* **Listed records**
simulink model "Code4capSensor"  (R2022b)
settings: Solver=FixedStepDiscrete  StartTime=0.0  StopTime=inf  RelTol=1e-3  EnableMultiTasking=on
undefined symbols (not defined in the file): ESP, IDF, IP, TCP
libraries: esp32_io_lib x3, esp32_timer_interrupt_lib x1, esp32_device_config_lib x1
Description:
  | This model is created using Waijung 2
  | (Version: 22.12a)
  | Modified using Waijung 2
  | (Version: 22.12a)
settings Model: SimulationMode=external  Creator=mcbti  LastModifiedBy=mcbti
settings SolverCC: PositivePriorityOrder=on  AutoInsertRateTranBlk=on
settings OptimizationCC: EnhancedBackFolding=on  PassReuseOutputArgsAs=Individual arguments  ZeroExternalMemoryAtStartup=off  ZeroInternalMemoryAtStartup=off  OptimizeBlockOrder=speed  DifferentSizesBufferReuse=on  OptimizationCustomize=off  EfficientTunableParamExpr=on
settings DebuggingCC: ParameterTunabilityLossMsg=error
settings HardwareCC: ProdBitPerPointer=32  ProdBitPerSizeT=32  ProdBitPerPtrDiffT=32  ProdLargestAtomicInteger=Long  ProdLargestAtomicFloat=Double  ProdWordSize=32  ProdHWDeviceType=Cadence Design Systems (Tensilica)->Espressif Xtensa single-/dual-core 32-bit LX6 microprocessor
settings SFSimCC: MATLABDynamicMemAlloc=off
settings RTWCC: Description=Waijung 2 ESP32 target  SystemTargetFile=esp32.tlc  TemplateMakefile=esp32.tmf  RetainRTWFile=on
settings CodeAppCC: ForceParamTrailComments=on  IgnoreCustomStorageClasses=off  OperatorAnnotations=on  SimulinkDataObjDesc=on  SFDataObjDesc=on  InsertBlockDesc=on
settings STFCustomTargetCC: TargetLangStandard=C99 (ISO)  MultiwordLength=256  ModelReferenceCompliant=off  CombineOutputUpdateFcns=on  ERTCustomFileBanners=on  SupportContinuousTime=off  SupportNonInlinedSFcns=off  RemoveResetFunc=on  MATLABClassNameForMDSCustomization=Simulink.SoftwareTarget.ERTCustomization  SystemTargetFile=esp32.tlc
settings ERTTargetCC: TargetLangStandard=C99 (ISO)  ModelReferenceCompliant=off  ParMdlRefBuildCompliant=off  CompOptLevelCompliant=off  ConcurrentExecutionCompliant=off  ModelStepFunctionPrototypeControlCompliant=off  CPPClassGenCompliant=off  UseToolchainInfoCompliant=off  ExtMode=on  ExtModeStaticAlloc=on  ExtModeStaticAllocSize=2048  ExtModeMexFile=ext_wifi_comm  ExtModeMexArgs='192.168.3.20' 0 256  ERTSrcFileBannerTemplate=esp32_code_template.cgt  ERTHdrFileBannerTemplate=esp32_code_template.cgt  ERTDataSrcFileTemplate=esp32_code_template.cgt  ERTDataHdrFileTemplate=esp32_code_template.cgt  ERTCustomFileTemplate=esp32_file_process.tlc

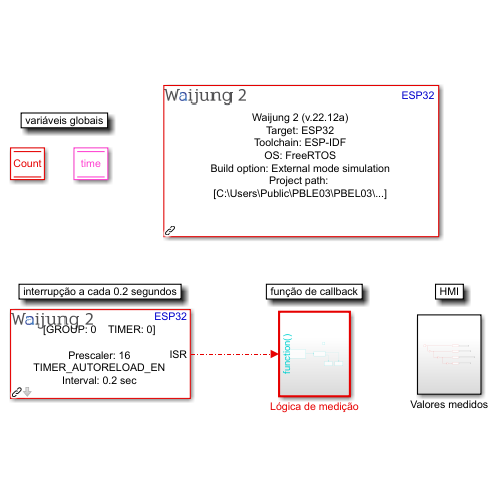
[thumbnail: Simulink's stored preview of the top-level diagram]
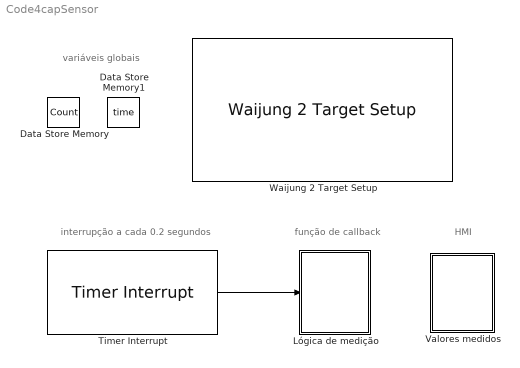
== system Code4capSensor ==
  note: HMI
  note: função de callback
  note: interrupção a cada 0.2 segundos
  note: variáveis globais
  Data Store Memory : DataStoreMemory  DataStoreName=Count  WriteAfterWriteMsg=warning  ShowAdditionalParam=off
  Data Store Memory1 : DataStoreMemory  DataStoreName=time  WriteAfterWriteMsg=warning  ShowAdditionalParam=off
  Lógica de medição : Subsystem  TreatAsAtomicUnit=on
  Timer Interrupt : esp32_timer_interrupt_lib/Timer Interrupt  timer_group=0  timer_module=0  timer_prescaler=16  timer_counter_direction=TIMER_COUNT_UP  counter_initial=0x00000000ULL  alarm=TIMER_ALARM_EN  alarm_mode=TIMER_AUTORELOAD_EN  interrupt_interval=0.2  blockid=TimerInterrupt  sampletime=-1
      settings: SourceProductName=Waijung 2 Blockset
  Valores medidos : Subsystem
  Waijung 2 Target Setup : esp32_device_config_lib/Waijung 2 Target Setup  waijungversion=22.12a  toolchain=ESP-IDF  os=FreeRTOS  sampletime=-1  simulink_managebuildsystem=on  projectpath=C:\Users\Public\PBLE03\PBEL03\ESP32\Code4capSensor_esp32_build_system  espidfpath=C:\msys32\home\skris\esp\esp-idf  buildoptions=External mode simulation  blockid=Waijung2TargetSetup  target=ESP32  defaultstacksize=2048  basepriority=0  highestpriority=10  generate_baserate_task=on  tickrate=1000  esp32target=ESP32  esp32targetdef=esp32  esp32flashsize=4MB  esp32comport=COM3  esp32baudrate=460800  esp32advancedconfig=off  esp32partitiontable=Use default waijung2 partition table  esp32partitionpath=Browse the partition table  partitionname=partitions.csv  editpartition=off  custompartitiondata={'nvs','data','nvs','','0x6000','';'phy_init','data','phy','','0x1000','';'factory','app','factory','','1M',''}  reqblocks=default  esp32custompartition={'nvs','data','nvs','','0x6000','';'phy_init','data','phy','','0x1000','';'factory','app','factory','','1M',''}  cominterface=TCP/IP  uart_module=0  baudrate=115200  tx_pin=0  rx_pin=0  com_port=9  wifimode=WIFI STA  wifissid=Rede_Loki  wifipassword=Renato.112358  deviceip=192.168.3.20  targetgateway=192.168.3.1  targetnetmask=255.255.255.0  manualdns=on  targetdnsip=8.8.8.8  targetipport=256  targetipdef=192,168,3,20  targetmaskdef=255,255,255,0  targetgatewaydef=192,168,3,1  targetdnsipdef=8,8,8,8  hosttimeout=10  hostverbose=off
      settings: SourceProductName=Waijung 2 Blockset
  wires:
  Timer Interrupt/1 -> Lógica de medição/Trigger

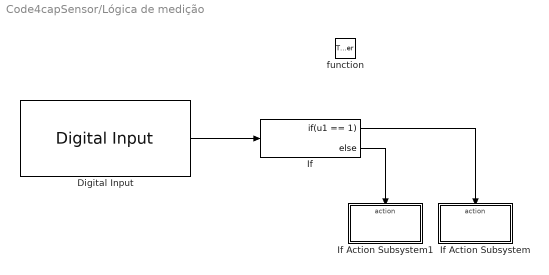
== system Code4capSensor/Lógica de medição ==
  function : TriggerPort  TriggerType=function-call  VariantControl=(inherit)
  Digital Input : esp32_io_lib/Digital Input  blockid=FunctionCallSubsystemDigitalInput  settings=Advanced  overridepin=off  pin0=off  pin1=off  pin2=off  pin3=on  pin4=off  pin5=off  pin6=off  pin7=off  pin8=off  pin9=off  pin10=off  pin11=off  pin12=off  pin13=off  pin14=off  pin15=off  pin16=off  pin17=off  pin18=off  pin19=off  pin20=off  pin21=off  pin22=off  pin23=off  pin24=off  pin25=off  pin26=off  pin27=off  pin28=off  pin29=off  pin30=off  pin31=off  pin32=off  pin33=off  pin34=off  pin35=off  pin36=off  pin37=off  pin38=off  pin39=off  pin40=off  pin41=off  pin42=off  pin43=off  pin44=off  pin45=off  pin46=off  pin47=off  pin48=off  pull_mode=None (floating)  pin_hold=Disable  deep_sleep_pin_hold=Disable  pin_array="[0  0  0  1  0  0  0  0  0  0  0  0  0  0  0  0  0  0  0  0  0  0  0  0  0  0  0  0  0  0  0  0  0  0  0  0  0  0  0  0  0  0  0  0  0  0  0  0  0]"  inport_num=1  pin_hold_define=off  pull_mode_define=GPIO_FLOATING  deep_sleep_pin_hold_define=off  pin_string=((1ULL<<3))  numpins=49  sampletime=-1
      settings: SourceProductName=Waijung 2 Blockset
  If : If  IfExpression=u1 == 1
  If Action Subsystem : Subsystem  TreatAsAtomicUnit=on
  If Action Subsystem1 : Subsystem  TreatAsAtomicUnit=on
  wires:
  If/2 -> If Action Subsystem1/Action
  Digital Input/1 -> If/1
  If/1 -> If Action Subsystem/Action

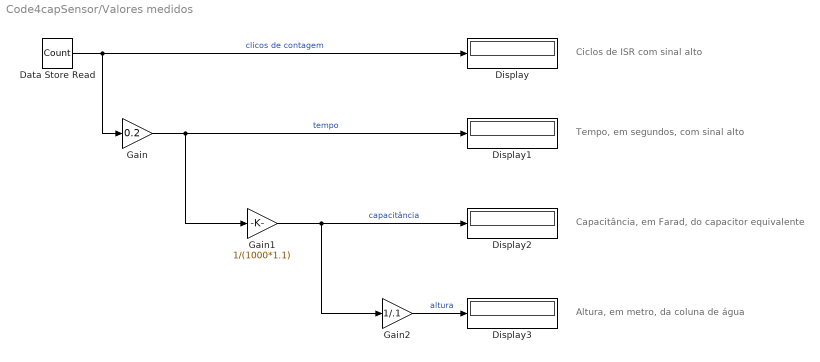
== system Code4capSensor/Valores medidos ==
  note: Ciclos de ISR com sinal alto
  note: Tempo, em segundos, com sinal alto
  note: Capacitância, em Farad, do capacitor equivalente
  note: Altura, em metro, da coluna de água
  Data Store Read : DataStoreRead  DataStoreName=Count  IndexOptions=Index vector (dialog)  Indices=1  OutputSizes=1
  Display{,1..3} (4 alike) : Display
  Gain : Gain  Gain=0.2
  Gain1 : Gain  Gain=1/(1000*1.1)
  Gain2 : Gain  Gain=1/.1
  wires:
  Gain1/1 -> Gain2/1, Display2/1  "capacitância"
  Gain2/1 -> Display3/1  "altura"
  Data Store Read/1 -> Gain/1, Display/1  "clicos de contagem"
  Gain/1 -> Gain1/1, Display1/1  "tempo"

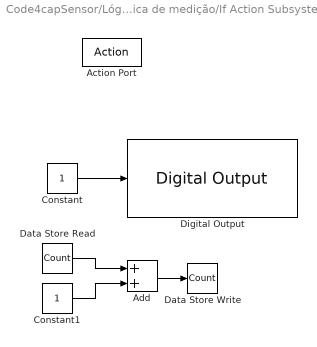
== system Code4capSensor/Lógica de medição/If Action Subsystem ==
  Action Port : ActionPort  ActionPortLabel=if(u1 == 1)
  Add : Sum
  Constant : Constant  SampleTime=-1
  Constant1 : Constant
  Data Store Read : DataStoreRead  DataStoreName=Count  IndexOptions=Index vector (dialog)  Indices=1  OutputSizes=1
  Data Store Write : DataStoreWrite  DataStoreName=Count  IndexOptions=Index vector (dialog)  Indices=1  OutputSizes=1
  Digital Output : esp32_io_lib/Digital Output  blockid=FunctionCallSubsystemIfActionSubsystemDigitalOutput  settings=Advanced  overridepin=off  pin0=off  pin1=off  pin2=off  pin3=off  pin4=off  pin5=on  pin6=off  pin7=off  pin8=off  pin9=off  pin10=off  pin11=off  pin12=off  pin13=off  pin14=off  pin15=off  pin16=off  pin17=off  pin18=off  pin19=off  pin20=off  pin21=off  pin22=off  pin23=off  pin24=off  pin25=off  pin26=off  pin27=off  pin28=off  pin29=off  pin30=off  pin31=off  pin32=off  pin33=off  pin34=off  pin35=off  pin36=off  pin37=off  pin38=off  pin39=off  pin40=off  pin41=off  pin42=off  pin43=off  pin44=off  pin45=off  pin46=off  pin47=off  pin48=off  pin_initialize=on  pin_mode=Push-pull  sampletime=-1  drive_capability=Normal (default)  pin_hold=Disable  deep_sleep_pin_hold=Disable  pin_array="[0  0  0  0  0  1  0  0  0  0  0  0  0  0  0  0  0  0  0  0  0  0  0  0  0  0  0  0  0  0  0  0  0  0  0  0  0  0  0  0  0  0  0  0  0  0  0  0  0]"  inport_num=1  drive_capability_define=GPIO_DRIVE_CAP_2  pin_hold_define=off  pin_mode_define=GPIO_MODE_INPUT_OUTPUT  deep_sleep_pin_hold_define=off  pin_string=((1ULL<<5))  numpins=49
      settings: SourceProductName=Waijung 2 Blockset
  wires:
  Constant/1 -> Digital Output/1
  Data Store Read/1 -> Add/1
  Constant1/1 -> Add/2
  Add/1 -> Data Store Write/1

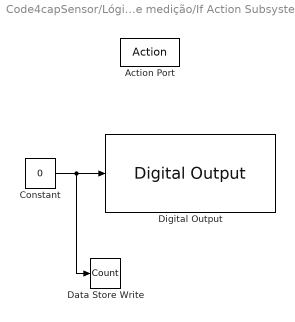
== system Code4capSensor/Lógica de medição/If Action Subsystem1 ==
  Action Port : ActionPort  ActionPortLabel=else
  Constant : Constant  Value=0  SampleTime=-1
  Data Store Write : DataStoreWrite  DataStoreName=Count  IndexOptions=Index vector (dialog)  Indices=1  OutputSizes=1
  Digital Output : esp32_io_lib/Digital Output  blockid=FunctionCallSubsystemIfActionSubsystem1DigitalOutput  settings=Advanced  overridepin=off  pin0=off  pin1=off  pin2=off  pin3=off  pin4=off  pin5=on  pin6=off  pin7=off  pin8=off  pin9=off  pin10=off  pin11=off  pin12=off  pin13=off  pin14=off  pin15=off  pin16=off  pin17=off  pin18=off  pin19=off  pin20=off  pin21=off  pin22=off  pin23=off  pin24=off  pin25=off  pin26=off  pin27=off  pin28=off  pin29=off  pin30=off  pin31=off  pin32=off  pin33=off  pin34=off  pin35=off  pin36=off  pin37=off  pin38=off  pin39=off  pin40=off  pin41=off  pin42=off  pin43=off  pin44=off  pin45=off  pin46=off  pin47=off  pin48=off  pin_initialize=on  pin_mode=Push-pull  sampletime=-1  drive_capability=Normal (default)  pin_hold=Disable  deep_sleep_pin_hold=Disable  pin_array="[0  0  0  0  0  1  0  0  0  0  0  0  0  0  0  0  0  0  0  0  0  0  0  0  0  0  0  0  0  0  0  0  0  0  0  0  0  0  0  0  0  0  0  0  0  0  0  0  0]"  inport_num=1  drive_capability_define=GPIO_DRIVE_CAP_2  pin_hold_define=off  pin_mode_define=GPIO_MODE_INPUT_OUTPUT  deep_sleep_pin_hold_define=off  pin_string=((1ULL<<5))  numpins=49
      settings: SourceProductName=Waijung 2 Blockset
  wires:
  Constant/1 -> Data Store Write/1, Digital Output/1

* **Instructions to follow**
Every line of the listing that includes the word "warning" belongs in the answer.

* **Response box**
  Data Store Memory : DataStoreMemory  DataStoreName=Count  WriteAfterWriteMsg=warning  ShowAdditionalParam=off
  Data Store Memory1 : DataStoreMemory  DataStoreName=time  WriteAfterWriteMsg=warning  ShowAdditionalParam=off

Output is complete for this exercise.